Abacus Semiconductor Corporation is a fabless semiconductor company that designs and engineers processors, accelerators and smart multi-homed memories for use in supercomputers and in the backend for Artificial Intelligence and Machine Learning (including Large Language Models such as ChatGPT and GPT-4) as well as traditional High Performance Compute (HPC) applications.

Many attempts have been made to escape the bottlenecks imposed by the von Neumann architecture, and while todays' CPU cores deploy a Harvard architecture to separate out instruction and data caches, no effort has been made to resolve the scale-out problem. Abacus Semiconductor Corporation has developed a beyond-von-Neumann and beyond-Harvard CPU architecture.

With that architecture we address the more-than-order of magnitude gap between the theoretical peak performance of supercomputers and the real-life performance that users of today's supercomputers experience.

We have re-engineered the processors and accelerators as well as the memory that make up the foundation of HPC and of the infrastructure that is used to create Large Language Models for AI such as GPT. We think that the underlying limitations are not in the Instruction Set Architecture (ISA) nor the accelerators themselves.

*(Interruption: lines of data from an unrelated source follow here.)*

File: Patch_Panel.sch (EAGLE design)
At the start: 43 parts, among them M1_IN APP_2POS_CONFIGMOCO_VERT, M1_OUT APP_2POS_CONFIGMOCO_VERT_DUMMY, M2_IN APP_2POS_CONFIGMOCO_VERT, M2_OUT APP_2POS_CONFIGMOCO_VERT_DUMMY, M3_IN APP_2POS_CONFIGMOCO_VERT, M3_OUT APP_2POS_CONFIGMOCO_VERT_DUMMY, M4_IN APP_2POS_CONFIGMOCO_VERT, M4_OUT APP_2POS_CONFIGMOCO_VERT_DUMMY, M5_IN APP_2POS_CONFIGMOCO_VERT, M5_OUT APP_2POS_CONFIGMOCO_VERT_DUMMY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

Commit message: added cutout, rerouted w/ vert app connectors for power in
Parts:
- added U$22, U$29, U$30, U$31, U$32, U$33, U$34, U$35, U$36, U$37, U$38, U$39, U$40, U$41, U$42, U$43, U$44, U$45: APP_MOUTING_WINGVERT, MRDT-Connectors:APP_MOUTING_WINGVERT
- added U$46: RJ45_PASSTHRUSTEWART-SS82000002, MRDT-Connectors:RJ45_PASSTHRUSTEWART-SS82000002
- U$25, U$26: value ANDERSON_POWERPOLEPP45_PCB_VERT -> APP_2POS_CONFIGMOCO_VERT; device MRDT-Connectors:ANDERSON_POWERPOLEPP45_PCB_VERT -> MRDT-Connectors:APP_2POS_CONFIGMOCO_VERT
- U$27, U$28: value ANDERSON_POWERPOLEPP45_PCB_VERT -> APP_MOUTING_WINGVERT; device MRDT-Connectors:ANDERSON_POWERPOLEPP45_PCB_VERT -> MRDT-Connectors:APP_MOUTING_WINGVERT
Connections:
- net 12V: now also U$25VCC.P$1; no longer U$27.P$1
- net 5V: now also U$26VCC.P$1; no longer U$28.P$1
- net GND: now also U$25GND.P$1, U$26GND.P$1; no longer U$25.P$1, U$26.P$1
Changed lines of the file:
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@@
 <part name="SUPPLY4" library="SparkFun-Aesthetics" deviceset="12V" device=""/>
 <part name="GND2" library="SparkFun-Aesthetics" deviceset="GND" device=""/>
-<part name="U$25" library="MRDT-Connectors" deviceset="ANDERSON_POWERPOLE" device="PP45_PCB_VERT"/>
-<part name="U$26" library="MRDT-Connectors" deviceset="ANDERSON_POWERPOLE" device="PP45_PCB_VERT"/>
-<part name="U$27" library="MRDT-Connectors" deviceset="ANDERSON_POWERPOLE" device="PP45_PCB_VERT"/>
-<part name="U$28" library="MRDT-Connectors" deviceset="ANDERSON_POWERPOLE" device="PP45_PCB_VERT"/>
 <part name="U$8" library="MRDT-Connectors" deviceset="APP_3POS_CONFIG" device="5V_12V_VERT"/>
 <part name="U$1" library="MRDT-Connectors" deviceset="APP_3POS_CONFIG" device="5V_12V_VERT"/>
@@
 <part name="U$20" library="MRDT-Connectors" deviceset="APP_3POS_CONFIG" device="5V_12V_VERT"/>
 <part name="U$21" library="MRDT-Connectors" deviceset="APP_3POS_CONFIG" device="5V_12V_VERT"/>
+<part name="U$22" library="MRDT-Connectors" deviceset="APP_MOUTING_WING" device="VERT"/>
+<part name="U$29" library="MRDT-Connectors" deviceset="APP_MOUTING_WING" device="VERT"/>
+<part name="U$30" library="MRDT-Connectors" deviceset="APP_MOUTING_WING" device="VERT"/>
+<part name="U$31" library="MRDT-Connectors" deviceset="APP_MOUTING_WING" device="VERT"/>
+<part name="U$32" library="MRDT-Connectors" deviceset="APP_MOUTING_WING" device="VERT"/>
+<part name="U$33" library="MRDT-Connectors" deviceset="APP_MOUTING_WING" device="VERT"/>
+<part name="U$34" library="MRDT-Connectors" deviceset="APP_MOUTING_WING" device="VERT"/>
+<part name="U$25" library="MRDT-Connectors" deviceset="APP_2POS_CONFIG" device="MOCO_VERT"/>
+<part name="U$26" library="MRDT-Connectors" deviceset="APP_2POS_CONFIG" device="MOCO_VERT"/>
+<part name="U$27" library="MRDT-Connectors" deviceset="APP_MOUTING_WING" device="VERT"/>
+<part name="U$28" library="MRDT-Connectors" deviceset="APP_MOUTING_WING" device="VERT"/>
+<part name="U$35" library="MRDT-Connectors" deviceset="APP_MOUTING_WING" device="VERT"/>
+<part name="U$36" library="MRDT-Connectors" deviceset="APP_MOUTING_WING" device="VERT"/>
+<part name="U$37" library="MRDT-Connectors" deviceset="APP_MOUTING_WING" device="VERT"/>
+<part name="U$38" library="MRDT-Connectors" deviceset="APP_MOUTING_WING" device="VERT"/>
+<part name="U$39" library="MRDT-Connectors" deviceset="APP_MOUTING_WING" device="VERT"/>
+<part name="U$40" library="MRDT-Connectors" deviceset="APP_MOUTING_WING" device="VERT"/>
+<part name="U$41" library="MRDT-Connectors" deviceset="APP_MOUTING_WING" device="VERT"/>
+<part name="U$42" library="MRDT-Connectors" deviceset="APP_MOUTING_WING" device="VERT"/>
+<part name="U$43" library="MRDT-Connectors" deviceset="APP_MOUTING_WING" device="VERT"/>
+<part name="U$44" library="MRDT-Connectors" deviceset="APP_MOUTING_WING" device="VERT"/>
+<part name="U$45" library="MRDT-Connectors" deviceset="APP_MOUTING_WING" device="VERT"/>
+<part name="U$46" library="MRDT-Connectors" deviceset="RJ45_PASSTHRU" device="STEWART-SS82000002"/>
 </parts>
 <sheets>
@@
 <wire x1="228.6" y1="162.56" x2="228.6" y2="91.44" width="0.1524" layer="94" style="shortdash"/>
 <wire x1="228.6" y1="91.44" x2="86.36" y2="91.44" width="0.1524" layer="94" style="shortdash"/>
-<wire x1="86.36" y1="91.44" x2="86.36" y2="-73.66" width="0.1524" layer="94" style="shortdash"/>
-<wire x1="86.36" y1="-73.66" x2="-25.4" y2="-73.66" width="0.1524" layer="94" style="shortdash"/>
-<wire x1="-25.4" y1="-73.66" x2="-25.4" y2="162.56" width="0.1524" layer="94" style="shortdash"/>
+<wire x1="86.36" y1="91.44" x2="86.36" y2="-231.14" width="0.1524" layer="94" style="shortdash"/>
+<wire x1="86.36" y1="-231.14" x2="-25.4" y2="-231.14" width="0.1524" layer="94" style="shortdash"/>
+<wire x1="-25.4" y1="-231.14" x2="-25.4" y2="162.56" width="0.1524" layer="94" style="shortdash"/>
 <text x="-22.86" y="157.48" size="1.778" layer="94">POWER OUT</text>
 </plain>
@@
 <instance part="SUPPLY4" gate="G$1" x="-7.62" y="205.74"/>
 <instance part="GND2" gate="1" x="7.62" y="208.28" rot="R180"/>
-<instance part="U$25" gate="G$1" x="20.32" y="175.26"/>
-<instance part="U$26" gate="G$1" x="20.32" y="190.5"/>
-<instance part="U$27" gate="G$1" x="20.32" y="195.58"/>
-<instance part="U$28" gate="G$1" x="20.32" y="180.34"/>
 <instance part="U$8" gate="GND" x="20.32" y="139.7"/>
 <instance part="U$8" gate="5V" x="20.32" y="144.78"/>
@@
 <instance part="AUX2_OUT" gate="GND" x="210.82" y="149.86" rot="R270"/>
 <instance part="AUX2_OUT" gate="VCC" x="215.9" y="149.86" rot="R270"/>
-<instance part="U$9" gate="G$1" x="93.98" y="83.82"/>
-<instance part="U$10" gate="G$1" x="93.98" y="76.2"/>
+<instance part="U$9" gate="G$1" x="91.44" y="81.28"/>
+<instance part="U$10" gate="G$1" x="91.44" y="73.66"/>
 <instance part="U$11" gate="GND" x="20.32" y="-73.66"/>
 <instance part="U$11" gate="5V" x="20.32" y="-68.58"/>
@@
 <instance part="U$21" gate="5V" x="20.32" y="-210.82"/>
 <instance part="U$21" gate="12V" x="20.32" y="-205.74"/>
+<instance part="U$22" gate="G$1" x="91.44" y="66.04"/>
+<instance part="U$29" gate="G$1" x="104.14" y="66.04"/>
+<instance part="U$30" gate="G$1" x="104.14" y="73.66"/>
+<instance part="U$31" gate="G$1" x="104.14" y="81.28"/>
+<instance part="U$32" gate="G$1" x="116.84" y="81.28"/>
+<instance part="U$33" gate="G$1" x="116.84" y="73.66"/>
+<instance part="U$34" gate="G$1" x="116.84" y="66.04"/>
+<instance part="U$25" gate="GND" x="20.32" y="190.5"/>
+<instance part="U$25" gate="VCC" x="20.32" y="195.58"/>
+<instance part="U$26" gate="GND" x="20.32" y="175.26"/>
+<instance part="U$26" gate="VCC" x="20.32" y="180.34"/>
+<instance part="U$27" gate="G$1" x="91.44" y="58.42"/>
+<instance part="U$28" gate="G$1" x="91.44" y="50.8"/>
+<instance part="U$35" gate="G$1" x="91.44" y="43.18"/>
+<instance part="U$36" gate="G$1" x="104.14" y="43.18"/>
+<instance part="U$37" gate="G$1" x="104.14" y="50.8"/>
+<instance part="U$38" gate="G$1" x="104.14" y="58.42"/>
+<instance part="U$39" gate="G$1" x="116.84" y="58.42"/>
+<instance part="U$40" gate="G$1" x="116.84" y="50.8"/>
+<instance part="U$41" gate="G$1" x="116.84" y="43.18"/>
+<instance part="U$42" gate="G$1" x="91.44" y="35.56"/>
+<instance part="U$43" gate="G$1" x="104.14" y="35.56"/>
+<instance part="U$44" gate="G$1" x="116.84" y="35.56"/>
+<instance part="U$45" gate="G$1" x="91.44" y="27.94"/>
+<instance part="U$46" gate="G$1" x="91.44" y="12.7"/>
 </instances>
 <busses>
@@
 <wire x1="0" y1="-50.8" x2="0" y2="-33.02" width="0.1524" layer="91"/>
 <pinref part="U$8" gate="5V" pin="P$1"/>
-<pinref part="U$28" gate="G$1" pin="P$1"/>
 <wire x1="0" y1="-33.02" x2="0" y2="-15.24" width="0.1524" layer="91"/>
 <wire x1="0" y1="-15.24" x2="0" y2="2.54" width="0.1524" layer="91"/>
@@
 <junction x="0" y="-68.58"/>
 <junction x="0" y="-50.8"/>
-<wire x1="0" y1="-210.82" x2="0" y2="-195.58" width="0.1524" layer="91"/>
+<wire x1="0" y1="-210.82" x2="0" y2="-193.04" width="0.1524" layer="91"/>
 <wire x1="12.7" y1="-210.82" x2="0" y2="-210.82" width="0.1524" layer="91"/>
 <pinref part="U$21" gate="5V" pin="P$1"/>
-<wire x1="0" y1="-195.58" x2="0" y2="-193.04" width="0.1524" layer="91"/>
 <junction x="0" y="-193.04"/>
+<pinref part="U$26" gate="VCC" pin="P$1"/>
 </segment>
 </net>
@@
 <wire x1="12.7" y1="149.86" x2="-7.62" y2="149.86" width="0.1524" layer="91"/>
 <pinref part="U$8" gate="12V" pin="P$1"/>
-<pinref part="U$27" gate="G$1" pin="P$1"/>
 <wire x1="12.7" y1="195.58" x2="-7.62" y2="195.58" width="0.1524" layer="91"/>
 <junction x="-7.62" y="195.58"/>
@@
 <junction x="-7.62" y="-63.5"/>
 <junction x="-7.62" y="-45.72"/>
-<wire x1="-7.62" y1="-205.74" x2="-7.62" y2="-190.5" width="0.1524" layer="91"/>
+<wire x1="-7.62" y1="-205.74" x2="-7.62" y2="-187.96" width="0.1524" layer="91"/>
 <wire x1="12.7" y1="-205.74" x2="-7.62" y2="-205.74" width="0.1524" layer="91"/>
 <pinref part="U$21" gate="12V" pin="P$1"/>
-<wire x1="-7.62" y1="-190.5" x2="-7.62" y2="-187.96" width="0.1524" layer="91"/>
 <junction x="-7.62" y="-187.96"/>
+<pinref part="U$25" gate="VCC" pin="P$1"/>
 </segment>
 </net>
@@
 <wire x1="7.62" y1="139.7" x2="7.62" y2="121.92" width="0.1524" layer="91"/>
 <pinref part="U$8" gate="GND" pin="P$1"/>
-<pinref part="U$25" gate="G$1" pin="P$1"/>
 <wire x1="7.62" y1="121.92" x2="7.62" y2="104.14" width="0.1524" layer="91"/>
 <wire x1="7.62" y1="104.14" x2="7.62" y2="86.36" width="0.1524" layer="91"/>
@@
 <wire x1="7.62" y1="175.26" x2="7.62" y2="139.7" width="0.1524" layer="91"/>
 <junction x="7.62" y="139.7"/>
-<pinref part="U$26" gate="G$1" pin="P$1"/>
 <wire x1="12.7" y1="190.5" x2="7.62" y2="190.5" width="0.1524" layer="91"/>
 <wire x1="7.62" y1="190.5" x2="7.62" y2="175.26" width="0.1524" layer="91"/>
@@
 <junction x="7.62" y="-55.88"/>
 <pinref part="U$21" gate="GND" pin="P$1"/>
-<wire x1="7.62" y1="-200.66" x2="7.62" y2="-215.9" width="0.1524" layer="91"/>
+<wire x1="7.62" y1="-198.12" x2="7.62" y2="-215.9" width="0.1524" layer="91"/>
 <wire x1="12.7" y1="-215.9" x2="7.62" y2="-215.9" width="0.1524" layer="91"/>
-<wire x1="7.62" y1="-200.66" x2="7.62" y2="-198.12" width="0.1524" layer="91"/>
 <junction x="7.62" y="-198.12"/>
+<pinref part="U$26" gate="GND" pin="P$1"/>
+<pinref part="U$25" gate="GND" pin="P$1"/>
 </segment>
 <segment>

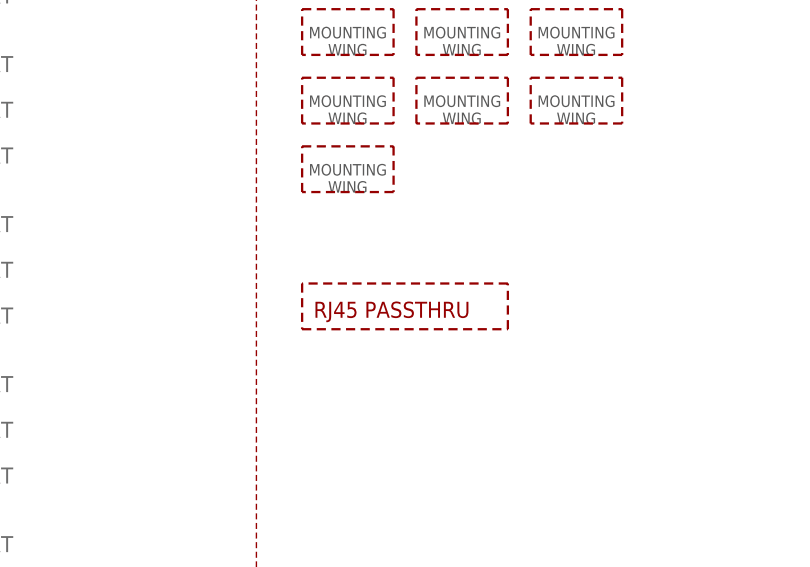
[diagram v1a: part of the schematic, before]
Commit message: added rj45 standoff - needs placed
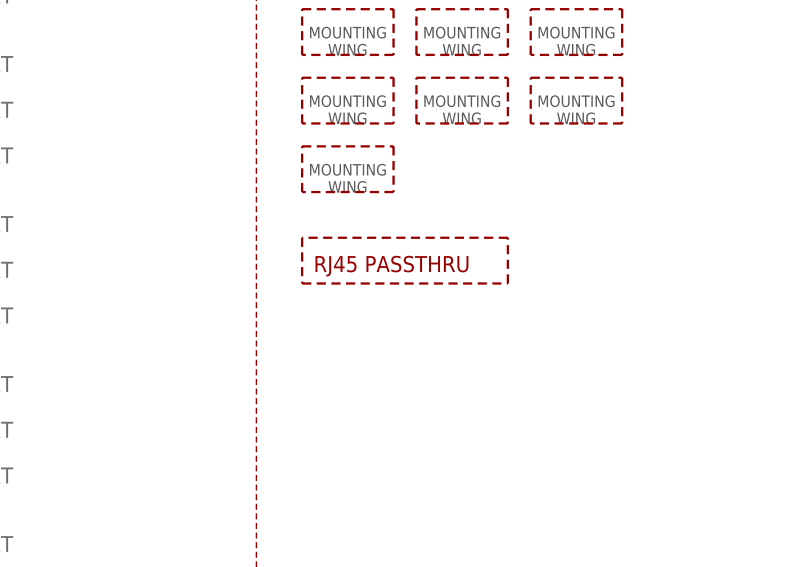
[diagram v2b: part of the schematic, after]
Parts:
- U$46: value RJ45_PASSTHRUSTEWART-SS82000002 -> RJ45_PASSTHRUMRDT_MALE_RJ45_STANDOFF; device MRDT-Connectors:RJ45_PASSTHRUSTEWART-SS82000002 -> MRDT-Connectors:RJ45_PASSTHRUMRDT_MALE_RJ45_STANDOFF
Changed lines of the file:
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@@
 <part name="U$44" library="MRDT-Connectors" deviceset="APP_MOUTING_WING" device="VERT"/>
 <part name="U$45" library="MRDT-Connectors" deviceset="APP_MOUTING_WING" device="VERT"/>
-<part name="U$46" library="MRDT-Connectors" deviceset="RJ45_PASSTHRU" device="STEWART-SS82000002"/>
+<part name="U$46" library="MRDT-Connectors" deviceset="RJ45_PASSTHRU" device="MRDT_MALE_RJ45_STANDOFF"/>
 </parts>
 <sheets>
@@
 <instance part="U$44" gate="G$1" x="116.84" y="35.56"/>
 <instance part="U$45" gate="G$1" x="91.44" y="27.94"/>
-<instance part="U$46" gate="G$1" x="91.44" y="12.7"/>
+<instance part="U$46" gate="G$1" x="91.44" y="17.78"/>
 </instances>
 <busses>

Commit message: github sucks. i changed some stuff
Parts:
- added U$48, U$49, U$50, U$52, U$53, U$54, U$55, U$56, U$57, U$58, U$59, U$61: MOUNTING_HOLE#8, MRDT-Hardware:MOUNTING_HOLE#8
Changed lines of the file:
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@@
 <part name="U$45" library="MRDT-Connectors" deviceset="APP_MOUTING_WING" device="VERT"/>
 <part name="U$46" library="MRDT-Connectors" deviceset="RJ45_PASSTHRU" device="MRDT_MALE_RJ45_STANDOFF"/>
+<part name="U$48" library="MRDT-Hardware" deviceset="MOUNTING_HOLE" device="#8"/>
+<part name="U$49" library="MRDT-Hardware" deviceset="MOUNTING_HOLE" device="#8"/>
+<part name="U$50" library="MRDT-Hardware" deviceset="MOUNTING_HOLE" device="#8"/>
+<part name="U$52" library="MRDT-Hardware" deviceset="MOUNTING_HOLE" device="#8"/>
+<part name="U$53" library="MRDT-Hardware" deviceset="MOUNTING_HOLE" device="#8"/>
+<part name="U$54" library="MRDT-Hardware" deviceset="MOUNTING_HOLE" device="#8"/>
+<part name="U$55" library="MRDT-Hardware" deviceset="MOUNTING_HOLE" device="#8"/>
+<part name="U$56" library="MRDT-Hardware" deviceset="MOUNTING_HOLE" device="#8"/>
+<part name="U$58" library="MRDT-Hardware" deviceset="MOUNTING_HOLE" device="#8"/>
+<part name="U$59" library="MRDT-Hardware" deviceset="MOUNTING_HOLE" device="#8"/>
+<part name="U$57" library="MRDT-Hardware" deviceset="MOUNTING_HOLE" device="#8"/>
+<part name="U$61" library="MRDT-Hardware" deviceset="MOUNTING_HOLE" device="#8"/>
 </parts>
 <sheets>
@@
 <instance part="U$44" gate="G$1" x="116.84" y="35.56"/>
 <instance part="U$45" gate="G$1" x="91.44" y="27.94"/>
-<instance part="U$46" gate="G$1" x="91.44" y="17.78"/>
+<instance part="U$46" gate="G$1" x="91.44" y="12.7"/>
+<instance part="U$48" gate="G$1" x="137.16" y="73.66"/>
+<instance part="U$49" gate="G$1" x="137.16" y="66.04"/>
+<instance part="U$50" gate="G$1" x="149.86" y="81.28"/>
+<instance part="U$52" gate="G$1" x="149.86" y="66.04"/>
+<instance part="U$53" gate="G$1" x="137.16" y="58.42"/>
+<instance part="U$54" gate="G$1" x="162.56" y="66.04"/>
+<instance part="U$55" gate="G$1" x="162.56" y="81.28"/>
+<instance part="U$56" gate="G$1" x="149.86" y="73.66"/>
+<instance part="U$58" gate="G$1" x="137.16" y="81.28"/>
+<instance part="U$59" gate="G$1" x="149.86" y="58.42"/>
+<instance part="U$57" gate="G$1" x="162.56" y="73.66"/>
+<instance part="U$61" gate="G$1" x="91.44" y="5.08"/>
 </instances>
 <busses>

The limitations clearly are in the underlying architecture.

Server on a Chip

Server-on-a-Chip

Abacus Semiconductor has developed a Server-on-a-Chip that makes building a server cheaper, allows for higher integration, and that follows the same principles that have been successful before, namely in smart phones and in tablets (and mainframes of the past). We believe that offload engines in hardware and with proper firmware support provide for a better energy-efficiency of compute than a homogeneous cluster of host CPUs. This processor can be used for web services, file services and high-transaction applications as well as in traditional (i.e. disk-based) and in-memory database applications. We have added virtualization hardware to the CPU cores and the IOMMU so that they can be used in fully virtualized environments. It can be used in any LAMP environment without recompiling of code, and as a file server or the core of a storage appliance. The Server-on-a-Chip supports both DDR5 DIMMs and our HRAM.

HRAM

HRAM

Today's processors and GPGPUs rely on the same outdated concept that we have seen for the past 30 years. In essence, the memory subsystem has no built-in smarts. As a result, the performance, security and shareability of the memory subsystem is very limited. The CPU's or GPGPU's DRAM Controller has to manage all memory transactions, and as such, these memory controllers are very specific to the type of memory they were developed for. We believe that this is a mistake. Memory is just a resource, and it should be managed by the memory subsystem, and not by the CPU or GPGPU. We call our solution Heterogeneous Random Access Memory or HRAM. It consists of multiple types and hierarchies of memory, and the HRAM as an intelligent multi-homed memory subsystem contains all controllers needed. There is no need for any kind of memory controller to be present in the processor or accelerator.

Application Processor

Application Processor

This processor family is targeted towards general-purpose processing that requires cache-coherent Terabyte-size main memory. Its main target are the orchestration of tasks that are either distributed to other processors or specific accelerators in large-scale applications. It is intended to serve as the main processor that controls application program flow and distributes tasks to other processors or accelerators in HPC and in Big Data as well as in Artificial Intelligence (AI) and Machine Learning (ML) workloads. For the time being, its hardware will be identical to the Database Processor, but it will ship with different firmware.

Database Processor

Database Processor

This processor is targeted towards ultra high-frequency transaction and large-scale database applications, web services, and all other integer-only applications that require cache-coherent Terabyte-size main memory. Large-scale in-memory databases such as ScyllaDB benefit from the internal and external bandwidth of this processor, the multi-homing of the memory, and the scalability of the solution. It is a processor and an accelerator in one, and for the time being, its hardware will be identical to the Application Processor. It will use a different firmware than the Application Processor.

Math Processor

Math Processor

We believe that the current math coprocessor concept does not work as effectively and efficiently as it could. While GPGPUs have helped tremendously, there are inherent limitations in GPGPU-accelerated compute. Among others, these are effectively all SIMD engines, and while there are a few thousand of them on a single die, they are not optimized for many mathematical operations that reflect the physical problems that HPC users need to solve. Most GPGPU compute today is predicated on CUDA, and that is a captive and proprietary solution. We prefer open source programming frameworks such as openCL and openACC. In our experience, open source frameworks lead to better quality of code, greater width and depth of solutions, and ultimately better adoption. We have made life easier for programmers and for users with our built-in matrix and tensor math functions as well as for all transforms, such as Fourier transforms.